Elwood Curtis is a law-abiding, teenage paragon of rectitude, an avid reader of encyclopedias and after-school worker diligently overcoming hardships that come from being abandoned by his parents and growing up black and poor in segregated Tallahassee, Florida. It’s the early 1960s, and Elwood can feel changes coming every time he listens to an LP of his hero Martin Luther King Jr. sermonizing about breaking down racial barriers. But while hitchhiking to his first day of classes at a nearby black college, Elwood accepts a ride in what turns out to be a stolen car and is sentenced to the Nickel Academy, a juvenile reformatory that looks somewhat like the campus he’d almost attended but turns out to be a monstrously racist institution whose students, white and black alike, are brutally beaten, sexually abused, and used by the school’s two-faced officials to steal food and supplies. At first, Elwood thinks he can work his way past the arbitrary punishments and sadistic treatment (“I am stuck here, but I’ll make the best of it…and I’ll make it brief”).
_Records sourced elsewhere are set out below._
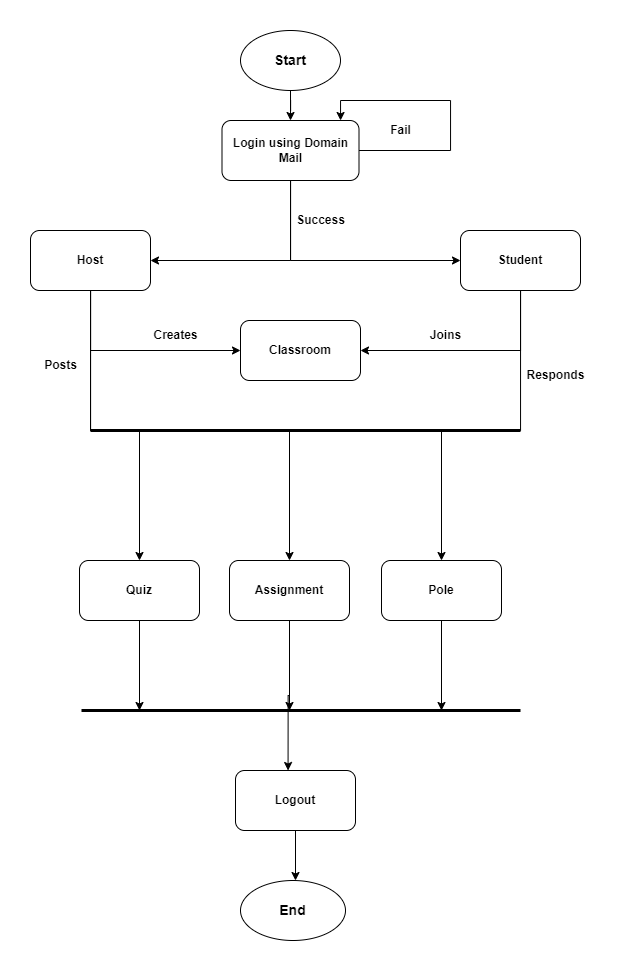

The diagram above was exported from draw.io. Its source (the exported page's mxGraphModel, read from the mxfile embedded in the PNG):
<mxGraphModel dx="1093" dy="614" grid="1" gridSize="10" guides="1" tooltips="1" connect="1" arrows="1" fold="1" page="1" pageScale="1" pageWidth="850" pageHeight="1100" math="0" shadow="0">
  <root>
    <mxCell id="0" />
    <mxCell id="1" parent="0" />
    <mxCell id="RDuylPWVZhsw1QxMOmid-8" style="edgeStyle=orthogonalEdgeStyle;rounded=0;orthogonalLoop=1;jettySize=auto;html=1;entryX=0.5;entryY=0;entryDx=0;entryDy=0;fontSize=14;" parent="1" source="RDuylPWVZhsw1QxMOmid-1" edge="1">
      <mxGeometry relative="1" as="geometry">
        <mxPoint x="430" y="130" as="targetPoint" />
      </mxGeometry>
    </mxCell>
    <mxCell id="RDuylPWVZhsw1QxMOmid-1" value="&lt;font style=&quot;font-size: 14px;&quot;&gt;&lt;b&gt;Start&lt;/b&gt;&lt;/font&gt;" style="ellipse;whiteSpace=wrap;html=1;" parent="1" vertex="1">
      <mxGeometry x="380" y="40" width="100" height="60" as="geometry" />
    </mxCell>
    <mxCell id="RDuylPWVZhsw1QxMOmid-6" value="&lt;b&gt;End&lt;/b&gt;" style="ellipse;whiteSpace=wrap;html=1;fontSize=14;" parent="1" vertex="1">
      <mxGeometry x="380" y="890" width="105" height="60" as="geometry" />
    </mxCell>
    <mxCell id="Zv10Yyu3lSFZf5RENqFt-5" style="edgeStyle=orthogonalEdgeStyle;rounded=0;orthogonalLoop=1;jettySize=auto;html=1;entryX=1;entryY=0.5;entryDx=0;entryDy=0;" edge="1" parent="1" source="Zv10Yyu3lSFZf5RENqFt-2" target="Zv10Yyu3lSFZf5RENqFt-3">
      <mxGeometry relative="1" as="geometry">
        <Array as="points">
          <mxPoint x="430" y="270" />
        </Array>
      </mxGeometry>
    </mxCell>
    <mxCell id="Zv10Yyu3lSFZf5RENqFt-6" style="edgeStyle=orthogonalEdgeStyle;rounded=0;orthogonalLoop=1;jettySize=auto;html=1;entryX=0;entryY=0.5;entryDx=0;entryDy=0;" edge="1" parent="1" source="Zv10Yyu3lSFZf5RENqFt-2" target="Zv10Yyu3lSFZf5RENqFt-4">
      <mxGeometry relative="1" as="geometry">
        <Array as="points">
          <mxPoint x="430" y="270" />
        </Array>
      </mxGeometry>
    </mxCell>
    <mxCell id="Zv10Yyu3lSFZf5RENqFt-2" value="&lt;b&gt;Login using Domain Mail&lt;/b&gt;" style="rounded=1;whiteSpace=wrap;html=1;" vertex="1" parent="1">
      <mxGeometry x="361.5" y="130" width="137" height="60" as="geometry" />
    </mxCell>
    <mxCell id="Zv10Yyu3lSFZf5RENqFt-11" style="edgeStyle=orthogonalEdgeStyle;rounded=0;orthogonalLoop=1;jettySize=auto;html=1;entryX=0;entryY=0.5;entryDx=0;entryDy=0;" edge="1" parent="1" source="Zv10Yyu3lSFZf5RENqFt-3" target="Zv10Yyu3lSFZf5RENqFt-10">
      <mxGeometry relative="1" as="geometry">
        <Array as="points">
          <mxPoint x="230" y="360" />
        </Array>
      </mxGeometry>
    </mxCell>
    <mxCell id="Zv10Yyu3lSFZf5RENqFt-28" style="edgeStyle=orthogonalEdgeStyle;rounded=0;orthogonalLoop=1;jettySize=auto;html=1;strokeWidth=1;fontStyle=1;entryX=0.5;entryY=0;entryDx=0;entryDy=0;" edge="1" parent="1" source="Zv10Yyu3lSFZf5RENqFt-3" target="Zv10Yyu3lSFZf5RENqFt-17">
      <mxGeometry relative="1" as="geometry">
        <mxPoint x="230" y="520" as="targetPoint" />
        <Array as="points">
          <mxPoint x="230" y="440" />
          <mxPoint x="279" y="440" />
        </Array>
      </mxGeometry>
    </mxCell>
    <mxCell id="Zv10Yyu3lSFZf5RENqFt-40" style="edgeStyle=orthogonalEdgeStyle;rounded=0;orthogonalLoop=1;jettySize=auto;html=1;entryX=0.5;entryY=0;entryDx=0;entryDy=0;strokeWidth=1;" edge="1" parent="1" source="Zv10Yyu3lSFZf5RENqFt-3" target="Zv10Yyu3lSFZf5RENqFt-15">
      <mxGeometry relative="1" as="geometry">
        <Array as="points">
          <mxPoint x="230" y="440" />
          <mxPoint x="429" y="440" />
        </Array>
      </mxGeometry>
    </mxCell>
    <mxCell id="Zv10Yyu3lSFZf5RENqFt-3" value="&lt;b&gt;Host&lt;br&gt;&lt;/b&gt;" style="rounded=1;whiteSpace=wrap;html=1;" vertex="1" parent="1">
      <mxGeometry x="170" y="240" width="120" height="60" as="geometry" />
    </mxCell>
    <mxCell id="Zv10Yyu3lSFZf5RENqFt-12" style="edgeStyle=orthogonalEdgeStyle;rounded=0;orthogonalLoop=1;jettySize=auto;html=1;entryX=1;entryY=0.5;entryDx=0;entryDy=0;" edge="1" parent="1" source="Zv10Yyu3lSFZf5RENqFt-4" target="Zv10Yyu3lSFZf5RENqFt-10">
      <mxGeometry relative="1" as="geometry">
        <Array as="points">
          <mxPoint x="660" y="360" />
        </Array>
      </mxGeometry>
    </mxCell>
    <mxCell id="Zv10Yyu3lSFZf5RENqFt-30" style="edgeStyle=orthogonalEdgeStyle;rounded=0;orthogonalLoop=1;jettySize=auto;html=1;strokeWidth=1;entryX=0.5;entryY=0;entryDx=0;entryDy=0;" edge="1" parent="1" source="Zv10Yyu3lSFZf5RENqFt-4" target="Zv10Yyu3lSFZf5RENqFt-16">
      <mxGeometry relative="1" as="geometry">
        <mxPoint x="660" y="520" as="targetPoint" />
        <Array as="points">
          <mxPoint x="660" y="440" />
          <mxPoint x="581" y="440" />
        </Array>
      </mxGeometry>
    </mxCell>
    <mxCell id="Zv10Yyu3lSFZf5RENqFt-4" value="&lt;b&gt;Student&lt;/b&gt;" style="rounded=1;whiteSpace=wrap;html=1;" vertex="1" parent="1">
      <mxGeometry x="600" y="240" width="120" height="60" as="geometry" />
    </mxCell>
    <mxCell id="Zv10Yyu3lSFZf5RENqFt-7" value="&lt;b&gt;Success&lt;/b&gt;" style="text;html=1;align=center;verticalAlign=middle;resizable=0;points=[];autosize=1;strokeColor=none;fillColor=none;" vertex="1" parent="1">
      <mxGeometry x="425" y="215" width="70" height="30" as="geometry" />
    </mxCell>
    <mxCell id="Zv10Yyu3lSFZf5RENqFt-8" style="edgeStyle=orthogonalEdgeStyle;rounded=0;orthogonalLoop=1;jettySize=auto;html=1;exitX=1;exitY=0.5;exitDx=0;exitDy=0;" edge="1" parent="1" source="Zv10Yyu3lSFZf5RENqFt-2" target="Zv10Yyu3lSFZf5RENqFt-2">
      <mxGeometry relative="1" as="geometry">
        <Array as="points">
          <mxPoint x="590" y="160" />
          <mxPoint x="590" y="110" />
          <mxPoint x="480" y="110" />
        </Array>
      </mxGeometry>
    </mxCell>
    <mxCell id="Zv10Yyu3lSFZf5RENqFt-9" value="&lt;b&gt;Fail&lt;/b&gt;" style="text;html=1;align=center;verticalAlign=middle;resizable=0;points=[];autosize=1;strokeColor=none;fillColor=none;" vertex="1" parent="1">
      <mxGeometry x="520" y="125" width="40" height="30" as="geometry" />
    </mxCell>
    <mxCell id="Zv10Yyu3lSFZf5RENqFt-10" value="&lt;b&gt;Classroom&lt;/b&gt;" style="rounded=1;whiteSpace=wrap;html=1;" vertex="1" parent="1">
      <mxGeometry x="380" y="330" width="120" height="60" as="geometry" />
    </mxCell>
    <mxCell id="Zv10Yyu3lSFZf5RENqFt-13" value="&lt;b&gt;Creates&lt;/b&gt;" style="text;html=1;align=center;verticalAlign=middle;resizable=0;points=[];autosize=1;strokeColor=none;fillColor=none;" vertex="1" parent="1">
      <mxGeometry x="280" y="330" width="70" height="30" as="geometry" />
    </mxCell>
    <mxCell id="Zv10Yyu3lSFZf5RENqFt-14" value="&lt;b&gt;Joins&lt;/b&gt;" style="text;html=1;align=center;verticalAlign=middle;resizable=0;points=[];autosize=1;strokeColor=none;fillColor=none;" vertex="1" parent="1">
      <mxGeometry x="560" y="330" width="50" height="30" as="geometry" />
    </mxCell>
    <mxCell id="Zv10Yyu3lSFZf5RENqFt-39" style="edgeStyle=orthogonalEdgeStyle;rounded=0;orthogonalLoop=1;jettySize=auto;html=1;strokeWidth=1;" edge="1" parent="1" source="Zv10Yyu3lSFZf5RENqFt-15">
      <mxGeometry relative="1" as="geometry">
        <mxPoint x="429" y="720" as="targetPoint" />
      </mxGeometry>
    </mxCell>
    <mxCell id="Zv10Yyu3lSFZf5RENqFt-44" style="edgeStyle=orthogonalEdgeStyle;rounded=0;orthogonalLoop=1;jettySize=auto;html=1;entryX=0.438;entryY=0;entryDx=0;entryDy=0;entryPerimeter=0;strokeWidth=1;" edge="1" parent="1" source="Zv10Yyu3lSFZf5RENqFt-15" target="Zv10Yyu3lSFZf5RENqFt-42">
      <mxGeometry relative="1" as="geometry" />
    </mxCell>
    <mxCell id="Zv10Yyu3lSFZf5RENqFt-15" value="&lt;b&gt;Assignment&lt;/b&gt;" style="rounded=1;whiteSpace=wrap;html=1;" vertex="1" parent="1">
      <mxGeometry x="369" y="570" width="120" height="60" as="geometry" />
    </mxCell>
    <mxCell id="Zv10Yyu3lSFZf5RENqFt-41" style="edgeStyle=orthogonalEdgeStyle;rounded=0;orthogonalLoop=1;jettySize=auto;html=1;strokeWidth=1;" edge="1" parent="1" source="Zv10Yyu3lSFZf5RENqFt-16">
      <mxGeometry relative="1" as="geometry">
        <mxPoint x="581" y="720" as="targetPoint" />
      </mxGeometry>
    </mxCell>
    <mxCell id="Zv10Yyu3lSFZf5RENqFt-16" value="&lt;b&gt;Pole&lt;/b&gt;" style="rounded=1;whiteSpace=wrap;html=1;" vertex="1" parent="1">
      <mxGeometry x="521" y="570" width="120" height="60" as="geometry" />
    </mxCell>
    <mxCell id="Zv10Yyu3lSFZf5RENqFt-38" style="edgeStyle=orthogonalEdgeStyle;rounded=0;orthogonalLoop=1;jettySize=auto;html=1;strokeWidth=1;fontStyle=1" edge="1" parent="1" source="Zv10Yyu3lSFZf5RENqFt-17">
      <mxGeometry relative="1" as="geometry">
        <mxPoint x="279" y="720" as="targetPoint" />
      </mxGeometry>
    </mxCell>
    <mxCell id="Zv10Yyu3lSFZf5RENqFt-17" value="&lt;b&gt;Quiz&lt;/b&gt;" style="rounded=1;whiteSpace=wrap;html=1;" vertex="1" parent="1">
      <mxGeometry x="219" y="570" width="120" height="60" as="geometry" />
    </mxCell>
    <mxCell id="Zv10Yyu3lSFZf5RENqFt-29" value="&lt;b&gt;Posts&lt;/b&gt;" style="text;html=1;align=center;verticalAlign=middle;resizable=0;points=[];autosize=1;strokeColor=none;fillColor=none;" vertex="1" parent="1">
      <mxGeometry x="170" y="360" width="60" height="30" as="geometry" />
    </mxCell>
    <mxCell id="Zv10Yyu3lSFZf5RENqFt-31" value="&lt;b&gt;Responds&lt;/b&gt;" style="text;html=1;align=center;verticalAlign=middle;resizable=0;points=[];autosize=1;strokeColor=none;fillColor=none;" vertex="1" parent="1">
      <mxGeometry x="655" y="370" width="80" height="30" as="geometry" />
    </mxCell>
    <mxCell id="Zv10Yyu3lSFZf5RENqFt-36" value="" style="endArrow=none;html=1;rounded=0;strokeWidth=3;fontStyle=1" edge="1" parent="1">
      <mxGeometry width="50" height="50" relative="1" as="geometry">
        <mxPoint x="230" y="440" as="sourcePoint" />
        <mxPoint x="660" y="440" as="targetPoint" />
      </mxGeometry>
    </mxCell>
    <mxCell id="Zv10Yyu3lSFZf5RENqFt-37" value="" style="endArrow=none;html=1;rounded=0;strokeWidth=3;" edge="1" parent="1">
      <mxGeometry width="50" height="50" relative="1" as="geometry">
        <mxPoint x="221" y="720" as="sourcePoint" />
        <mxPoint x="660" y="720" as="targetPoint" />
      </mxGeometry>
    </mxCell>
    <mxCell id="Zv10Yyu3lSFZf5RENqFt-45" style="edgeStyle=orthogonalEdgeStyle;rounded=0;orthogonalLoop=1;jettySize=auto;html=1;strokeWidth=1;" edge="1" parent="1" source="Zv10Yyu3lSFZf5RENqFt-42">
      <mxGeometry relative="1" as="geometry">
        <mxPoint x="435" y="890" as="targetPoint" />
      </mxGeometry>
    </mxCell>
    <mxCell id="Zv10Yyu3lSFZf5RENqFt-42" value="&lt;b&gt;Logout&lt;/b&gt;" style="rounded=1;whiteSpace=wrap;html=1;" vertex="1" parent="1">
      <mxGeometry x="375" y="780" width="120" height="60" as="geometry" />
    </mxCell>
  </root>
</mxGraphModel>

He befriends another black inmate, a street-wise kid he knows only as Turner, who has a different take on withstanding Nickel: “The key to in here is the same as surviving out there—you got to see how people act, and then you got to figure out how to get around them like an obstacle course.” And if you defy them, Turner warns, you’ll get taken “out back” and are never seen or heard from again. Both Elwood’s idealism and Turner’s cynicism entwine into an alliance that compels drastic action—and a shared destiny. There's something a tad more melodramatic in this book's conception (and resolution) than one expects from Whitehead, giving it a drugstore-paperback glossiness that enhances its blunt-edged impact.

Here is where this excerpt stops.